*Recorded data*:
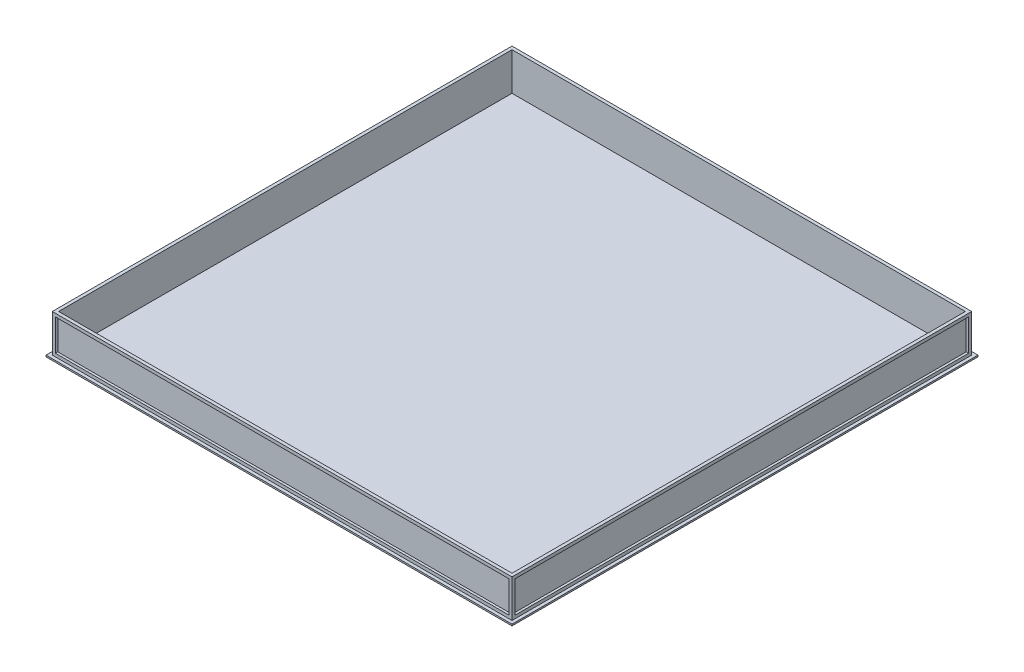
ISO-10303-21;
HEADER;
FILE_DESCRIPTION(('STEP AP214'),'2;1');
FILE_NAME('part.step','',(''),(''),'','','');
FILE_SCHEMA(('AUTOMOTIVE_DESIGN { 1 0 10303 214 1 1 1 1 }'));
ENDSEC;
DATA;
#1=APPLICATION_CONTEXT('core data for automotive mechanical design processes');
#2=APPLICATION_PROTOCOL_DEFINITION('international standard','automotive_design',2000,#1);
#3=PRODUCT_CONTEXT('',#1,'mechanical');
#4=PRODUCT('Part','Part','',(#3));
#5=PRODUCT_RELATED_PRODUCT_CATEGORY('part','',(#4));
#6=PRODUCT_DEFINITION_FORMATION('','',#4);
#7=PRODUCT_DEFINITION_CONTEXT('part definition',#1,'design');
#8=PRODUCT_DEFINITION('design','',#6,#7);
#9=PRODUCT_DEFINITION_SHAPE('','',#8);
#10=(LENGTH_UNIT() NAMED_UNIT(*) SI_UNIT(.MILLI.,.METRE.));
#11=(NAMED_UNIT(*) PLANE_ANGLE_UNIT() SI_UNIT($,.RADIAN.));
#12=(NAMED_UNIT(*) SI_UNIT($,.STERADIAN.) SOLID_ANGLE_UNIT());
#13=UNCERTAINTY_MEASURE_WITH_UNIT(LENGTH_MEASURE(1.E-05),#10,'distance_accuracy_value','');
#14=(GEOMETRIC_REPRESENTATION_CONTEXT(3) GLOBAL_UNCERTAINTY_ASSIGNED_CONTEXT((#13)) GLOBAL_UNIT_ASSIGNED_CONTEXT((#10,
#11,#12)) REPRESENTATION_CONTEXT('',''));
#15=CARTESIAN_POINT('',(0.,0.,0.));
#16=DIRECTION('',(0.,0.,1.));
#17=DIRECTION('',(1.,0.,0.));
#18=AXIS2_PLACEMENT_3D('',#15,#16,#17);
#19=CARTESIAN_POINT('',(-1879.6,-12.7,-1879.6));
#20=DIRECTION('',(0.,1.,0.));
#21=DIRECTION('',(0.,0.,1.));
#22=AXIS2_PLACEMENT_3D('',#19,#20,#21);
#23=PLANE('',#22);
#24=DIRECTION('',(1.,0.,0.));
#25=VECTOR('',#24,1.);
#26=CARTESIAN_POINT('',(0.,-12.7,1879.6));
#27=LINE('',#26,#25);
#28=CARTESIAN_POINT('',(-1879.6,-12.7,1879.6));
#29=VERTEX_POINT('',#28);
#30=CARTESIAN_POINT('',(1879.6,-12.7,1879.6));
#31=VERTEX_POINT('',#30);
#32=EDGE_CURVE('E213',#29,#31,#27,.T.);
#33=ORIENTED_EDGE('',*,*,#32,.F.);
#34=DIRECTION('',(0.,0.,1.));
#35=VECTOR('',#34,1.);
#36=CARTESIAN_POINT('',(-1879.6,-12.7,0.));
#37=LINE('',#36,#35);
#38=CARTESIAN_POINT('',(-1879.6,-12.7,-1879.6));
#39=VERTEX_POINT('',#38);
#40=EDGE_CURVE('E200',#39,#29,#37,.T.);
#41=ORIENTED_EDGE('',*,*,#40,.F.);
#42=DIRECTION('',(-1.,0.,0.));
#43=VECTOR('',#42,1.);
#44=CARTESIAN_POINT('',(0.,-12.7,-1879.6));
#45=LINE('',#44,#43);
#46=CARTESIAN_POINT('',(1879.6,-12.7,-1879.6));
#47=VERTEX_POINT('',#46);
#48=EDGE_CURVE('E21',#47,#39,#45,.T.);
#49=ORIENTED_EDGE('',*,*,#48,.F.);
#50=DIRECTION('',(0.,0.,-1.));
#51=VECTOR('',#50,1.);
#52=CARTESIAN_POINT('',(1879.6,-12.7,0.));
#53=LINE('',#52,#51);
#54=EDGE_CURVE('E228',#31,#47,#53,.T.);
#55=ORIENTED_EDGE('',*,*,#54,.F.);
#56=EDGE_LOOP('',(#33,#41,#49,#55));
#57=FACE_BOUND('',#56,.T.);
#58=ADVANCED_FACE('F17',(#57),#23,.F.);
#59=CARTESIAN_POINT('',(-1828.8,25.4,1835.15));
#60=DIRECTION('',(0.,0.,1.));
#61=DIRECTION('',(1.,0.,0.));
#62=AXIS2_PLACEMENT_3D('',#59,#60,#61);
#63=PLANE('',#62);
#64=DIRECTION('',(1.,0.,0.));
#65=VECTOR('',#64,1.);
#66=CARTESIAN_POINT('',(0.,25.4,1835.15));
#67=LINE('',#66,#65);
#68=CARTESIAN_POINT('',(-1828.8,25.4,1835.15));
#69=VERTEX_POINT('',#68);
#70=CARTESIAN_POINT('',(1828.8,25.4,1835.15));
#71=VERTEX_POINT('',#70);
#72=EDGE_CURVE('E230',#69,#71,#67,.T.);
#73=ORIENTED_EDGE('',*,*,#72,.T.);
#74=DIRECTION('',(0.,-1.,0.));
#75=VECTOR('',#74,1.);
#76=CARTESIAN_POINT('',(1828.8,152.4,1835.15));
#77=LINE('',#76,#75);
#78=CARTESIAN_POINT('',(1828.8,279.4,1835.15));
#79=VERTEX_POINT('',#78);
#80=EDGE_CURVE('E248',#79,#71,#77,.T.);
#81=ORIENTED_EDGE('',*,*,#80,.F.);
#82=DIRECTION('',(-1.,0.,0.));
#83=VECTOR('',#82,1.);
#84=CARTESIAN_POINT('',(0.,279.4,1835.15));
#85=LINE('',#84,#83);
#86=CARTESIAN_POINT('',(-1828.8,279.4,1835.15));
#87=VERTEX_POINT('',#86);
#88=EDGE_CURVE('E238',#79,#87,#85,.T.);
#89=ORIENTED_EDGE('',*,*,#88,.T.);
#90=DIRECTION('',(0.,1.,0.));
#91=VECTOR('',#90,1.);
#92=CARTESIAN_POINT('',(-1828.8,152.4,1835.15));
#93=LINE('',#92,#91);
#94=EDGE_CURVE('E232',#69,#87,#93,.T.);
#95=ORIENTED_EDGE('',*,*,#94,.F.);
#96=EDGE_LOOP('',(#73,#81,#89,#95));
#97=FACE_BOUND('',#96,.T.);
#98=ADVANCED_FACE('F757',(#97),#63,.T.);
#99=CARTESIAN_POINT('',(1835.15,25.4,1828.8));
#100=DIRECTION('',(1.,0.,0.));
#101=DIRECTION('',(0.,0.,-1.));
#102=AXIS2_PLACEMENT_3D('',#99,#100,#101);
#103=PLANE('',#102);
#104=DIRECTION('',(0.,0.,-1.));
#105=VECTOR('',#104,1.);
#106=CARTESIAN_POINT('',(1835.15,25.4,0.));
#107=LINE('',#106,#105);
#108=CARTESIAN_POINT('',(1835.15,25.4,1828.8));
#109=VERTEX_POINT('',#108);
#110=CARTESIAN_POINT('',(1835.15,25.4,-1828.8));
#111=VERTEX_POINT('',#110);
#112=EDGE_CURVE('E254',#109,#111,#107,.T.);
#113=ORIENTED_EDGE('',*,*,#112,.T.);
#114=DIRECTION('',(0.,-1.,0.));
#115=VECTOR('',#114,1.);
#116=CARTESIAN_POINT('',(1835.15,152.4,-1828.8));
#117=LINE('',#116,#115);
#118=CARTESIAN_POINT('',(1835.15,279.4,-1828.8));
#119=VERTEX_POINT('',#118);
#120=EDGE_CURVE('E251',#119,#111,#117,.T.);
#121=ORIENTED_EDGE('',*,*,#120,.F.);
#122=DIRECTION('',(0.,0.,1.));
#123=VECTOR('',#122,1.);
#124=CARTESIAN_POINT('',(1835.15,279.4,0.));
#125=LINE('',#124,#123);
#126=CARTESIAN_POINT('',(1835.15,279.4,1828.8));
#127=VERTEX_POINT('',#126);
#128=EDGE_CURVE('E264',#119,#127,#125,.T.);
#129=ORIENTED_EDGE('',*,*,#128,.T.);
#130=DIRECTION('',(0.,1.,0.));
#131=VECTOR('',#130,1.);
#132=CARTESIAN_POINT('',(1835.15,152.4,1828.8));
#133=LINE('',#132,#131);
#134=EDGE_CURVE('E261',#109,#127,#133,.T.);
#135=ORIENTED_EDGE('',*,*,#134,.F.);
#136=EDGE_LOOP('',(#113,#121,#129,#135));
#137=FACE_BOUND('',#136,.T.);
#138=ADVANCED_FACE('F747',(#137),#103,.T.);
#139=CARTESIAN_POINT('',(1828.8,25.4,-1835.15));
#140=DIRECTION('',(0.,0.,-1.));
#141=DIRECTION('',(-1.,0.,0.));
#142=AXIS2_PLACEMENT_3D('',#139,#140,#141);
#143=PLANE('',#142);
#144=DIRECTION('',(-1.,0.,0.));
#145=VECTOR('',#144,1.);
#146=CARTESIAN_POINT('',(0.,25.4,-1835.15));
#147=LINE('',#146,#145);
#148=CARTESIAN_POINT('',(1828.8,25.4,-1835.15));
#149=VERTEX_POINT('',#148);
#150=CARTESIAN_POINT('',(-1828.8,25.4,-1835.15));
#151=VERTEX_POINT('',#150);
#152=EDGE_CURVE('E274',#149,#151,#147,.T.);
#153=ORIENTED_EDGE('',*,*,#152,.T.);
#154=DIRECTION('',(0.,-1.,0.));
#155=VECTOR('',#154,1.);
#156=CARTESIAN_POINT('',(-1828.8,152.4,-1835.15));
#157=LINE('',#156,#155);
#158=CARTESIAN_POINT('',(-1828.8,279.4,-1835.15));
#159=VERTEX_POINT('',#158);
#160=EDGE_CURVE('E271',#159,#151,#157,.T.);
#161=ORIENTED_EDGE('',*,*,#160,.F.);
#162=DIRECTION('',(1.,0.,0.));
#163=VECTOR('',#162,1.);
#164=CARTESIAN_POINT('',(0.,279.4,-1835.15));
#165=LINE('',#164,#163);
#166=CARTESIAN_POINT('',(1828.8,279.4,-1835.15));
#167=VERTEX_POINT('',#166);
#168=EDGE_CURVE('E284',#159,#167,#165,.T.);
#169=ORIENTED_EDGE('',*,*,#168,.T.);
#170=DIRECTION('',(0.,1.,0.));
#171=VECTOR('',#170,1.);
#172=CARTESIAN_POINT('',(1828.8,152.4,-1835.15));
#173=LINE('',#172,#171);
#174=EDGE_CURVE('E281',#149,#167,#173,.T.);
#175=ORIENTED_EDGE('',*,*,#174,.F.);
#176=EDGE_LOOP('',(#153,#161,#169,#175));
#177=FACE_BOUND('',#176,.T.);
#178=ADVANCED_FACE('F738',(#177),#143,.T.);
#179=CARTESIAN_POINT('',(1879.6,-12.7,-1879.6));
#180=DIRECTION('',(0.,0.,-1.));
#181=DIRECTION('',(-1.,0.,0.));
#182=AXIS2_PLACEMENT_3D('',#179,#180,#181);
#183=PLANE('',#182);
#184=DIRECTION('',(0.,1.,0.));
#185=VECTOR('',#184,1.);
#186=CARTESIAN_POINT('',(1879.6,-6.35,-1879.6));
#187=LINE('',#186,#185);
#188=CARTESIAN_POINT('',(1879.6,0.,-1879.6));
#189=VERTEX_POINT('',#188);
#190=EDGE_CURVE('E209',#47,#189,#187,.T.);
#191=ORIENTED_EDGE('',*,*,#190,.F.);
#192=ORIENTED_EDGE('',*,*,#48,.T.);
#193=DIRECTION('',(0.,-1.,0.));
#194=VECTOR('',#193,1.);
#195=CARTESIAN_POINT('',(-1879.6,-6.35,-1879.6));
#196=LINE('',#195,#194);
#197=CARTESIAN_POINT('',(-1879.6,0.,-1879.6));
#198=VERTEX_POINT('',#197);
#199=EDGE_CURVE('E206',#198,#39,#196,.T.);
#200=ORIENTED_EDGE('',*,*,#199,.F.);
#201=DIRECTION('',(-1.,0.,0.));
#202=VECTOR('',#201,1.);
#203=CARTESIAN_POINT('',(0.,0.,-1879.6));
#204=LINE('',#203,#202);
#205=EDGE_CURVE('E291',#189,#198,#204,.T.);
#206=ORIENTED_EDGE('',*,*,#205,.F.);
#207=EDGE_LOOP('',(#191,#192,#200,#206));
#208=FACE_BOUND('',#207,.T.);
#209=ADVANCED_FACE('F205',(#208),#183,.T.);
#210=CARTESIAN_POINT('',(-1879.6,-12.7,-1879.6));
#211=DIRECTION('',(-1.,0.,0.));
#212=DIRECTION('',(0.,0.,1.));
#213=AXIS2_PLACEMENT_3D('',#210,#211,#212);
#214=PLANE('',#213);
#215=ORIENTED_EDGE('',*,*,#199,.T.);
#216=ORIENTED_EDGE('',*,*,#40,.T.);
#217=DIRECTION('',(0.,-1.,0.));
#218=VECTOR('',#217,1.);
#219=CARTESIAN_POINT('',(-1879.6,-6.35,1879.6));
#220=LINE('',#219,#218);
#221=CARTESIAN_POINT('',(-1879.6,0.,1879.6));
#222=VERTEX_POINT('',#221);
#223=EDGE_CURVE('E215',#222,#29,#220,.T.);
#224=ORIENTED_EDGE('',*,*,#223,.F.);
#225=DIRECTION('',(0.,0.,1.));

*Problem*: What you give back should be exactly the lines from the top of the data above down to and including the line with "#45=LINE('',#44,#43);", minus any pictures.

*Task response*:
ISO-10303-21;
HEADER;
FILE_DESCRIPTION(('STEP AP214'),'2;1');
FILE_NAME('part.step','',(''),(''),'','','');
FILE_SCHEMA(('AUTOMOTIVE_DESIGN { 1 0 10303 214 1 1 1 1 }'));
ENDSEC;
DATA;
#1=APPLICATION_CONTEXT('core data for automotive mechanical design processes');
#2=APPLICATION_PROTOCOL_DEFINITION('international standard','automotive_design',2000,#1);
#3=PRODUCT_CONTEXT('',#1,'mechanical');
#4=PRODUCT('Part','Part','',(#3));
#5=PRODUCT_RELATED_PRODUCT_CATEGORY('part','',(#4));
#6=PRODUCT_DEFINITION_FORMATION('','',#4);
#7=PRODUCT_DEFINITION_CONTEXT('part definition',#1,'design');
#8=PRODUCT_DEFINITION('design','',#6,#7);
#9=PRODUCT_DEFINITION_SHAPE('','',#8);
#10=(LENGTH_UNIT() NAMED_UNIT(*) SI_UNIT(.MILLI.,.METRE.));
#11=(NAMED_UNIT(*) PLANE_ANGLE_UNIT() SI_UNIT($,.RADIAN.));
#12=(NAMED_UNIT(*) SI_UNIT($,.STERADIAN.) SOLID_ANGLE_UNIT());
#13=UNCERTAINTY_MEASURE_WITH_UNIT(LENGTH_MEASURE(1.E-05),#10,'distance_accuracy_value','');
#14=(GEOMETRIC_REPRESENTATION_CONTEXT(3) GLOBAL_UNCERTAINTY_ASSIGNED_CONTEXT((#13)) GLOBAL_UNIT_ASSIGNED_CONTEXT((#10,
#11,#12)) REPRESENTATION_CONTEXT('',''));
#15=CARTESIAN_POINT('',(0.,0.,0.));
#16=DIRECTION('',(0.,0.,1.));
#17=DIRECTION('',(1.,0.,0.));
#18=AXIS2_PLACEMENT_3D('',#15,#16,#17);
#19=CARTESIAN_POINT('',(-1879.6,-12.7,-1879.6));
#20=DIRECTION('',(0.,1.,0.));
#21=DIRECTION('',(0.,0.,1.));
#22=AXIS2_PLACEMENT_3D('',#19,#20,#21);
#23=PLANE('',#22);
#24=DIRECTION('',(1.,0.,0.));
#25=VECTOR('',#24,1.);
#26=CARTESIAN_POINT('',(0.,-12.7,1879.6));
#27=LINE('',#26,#25);
#28=CARTESIAN_POINT('',(-1879.6,-12.7,1879.6));
#29=VERTEX_POINT('',#28);
#30=CARTESIAN_POINT('',(1879.6,-12.7,1879.6));
#31=VERTEX_POINT('',#30);
#32=EDGE_CURVE('E213',#29,#31,#27,.T.);
#33=ORIENTED_EDGE('',*,*,#32,.F.);
#34=DIRECTION('',(0.,0.,1.));
#35=VECTOR('',#34,1.);
#36=CARTESIAN_POINT('',(-1879.6,-12.7,0.));
#37=LINE('',#36,#35);
#38=CARTESIAN_POINT('',(-1879.6,-12.7,-1879.6));
#39=VERTEX_POINT('',#38);
#40=EDGE_CURVE('E200',#39,#29,#37,.T.);
#41=ORIENTED_EDGE('',*,*,#40,.F.);
#42=DIRECTION('',(-1.,0.,0.));
#43=VECTOR('',#42,1.);
#44=CARTESIAN_POINT('',(0.,-12.7,-1879.6));
#45=LINE('',#44,#43);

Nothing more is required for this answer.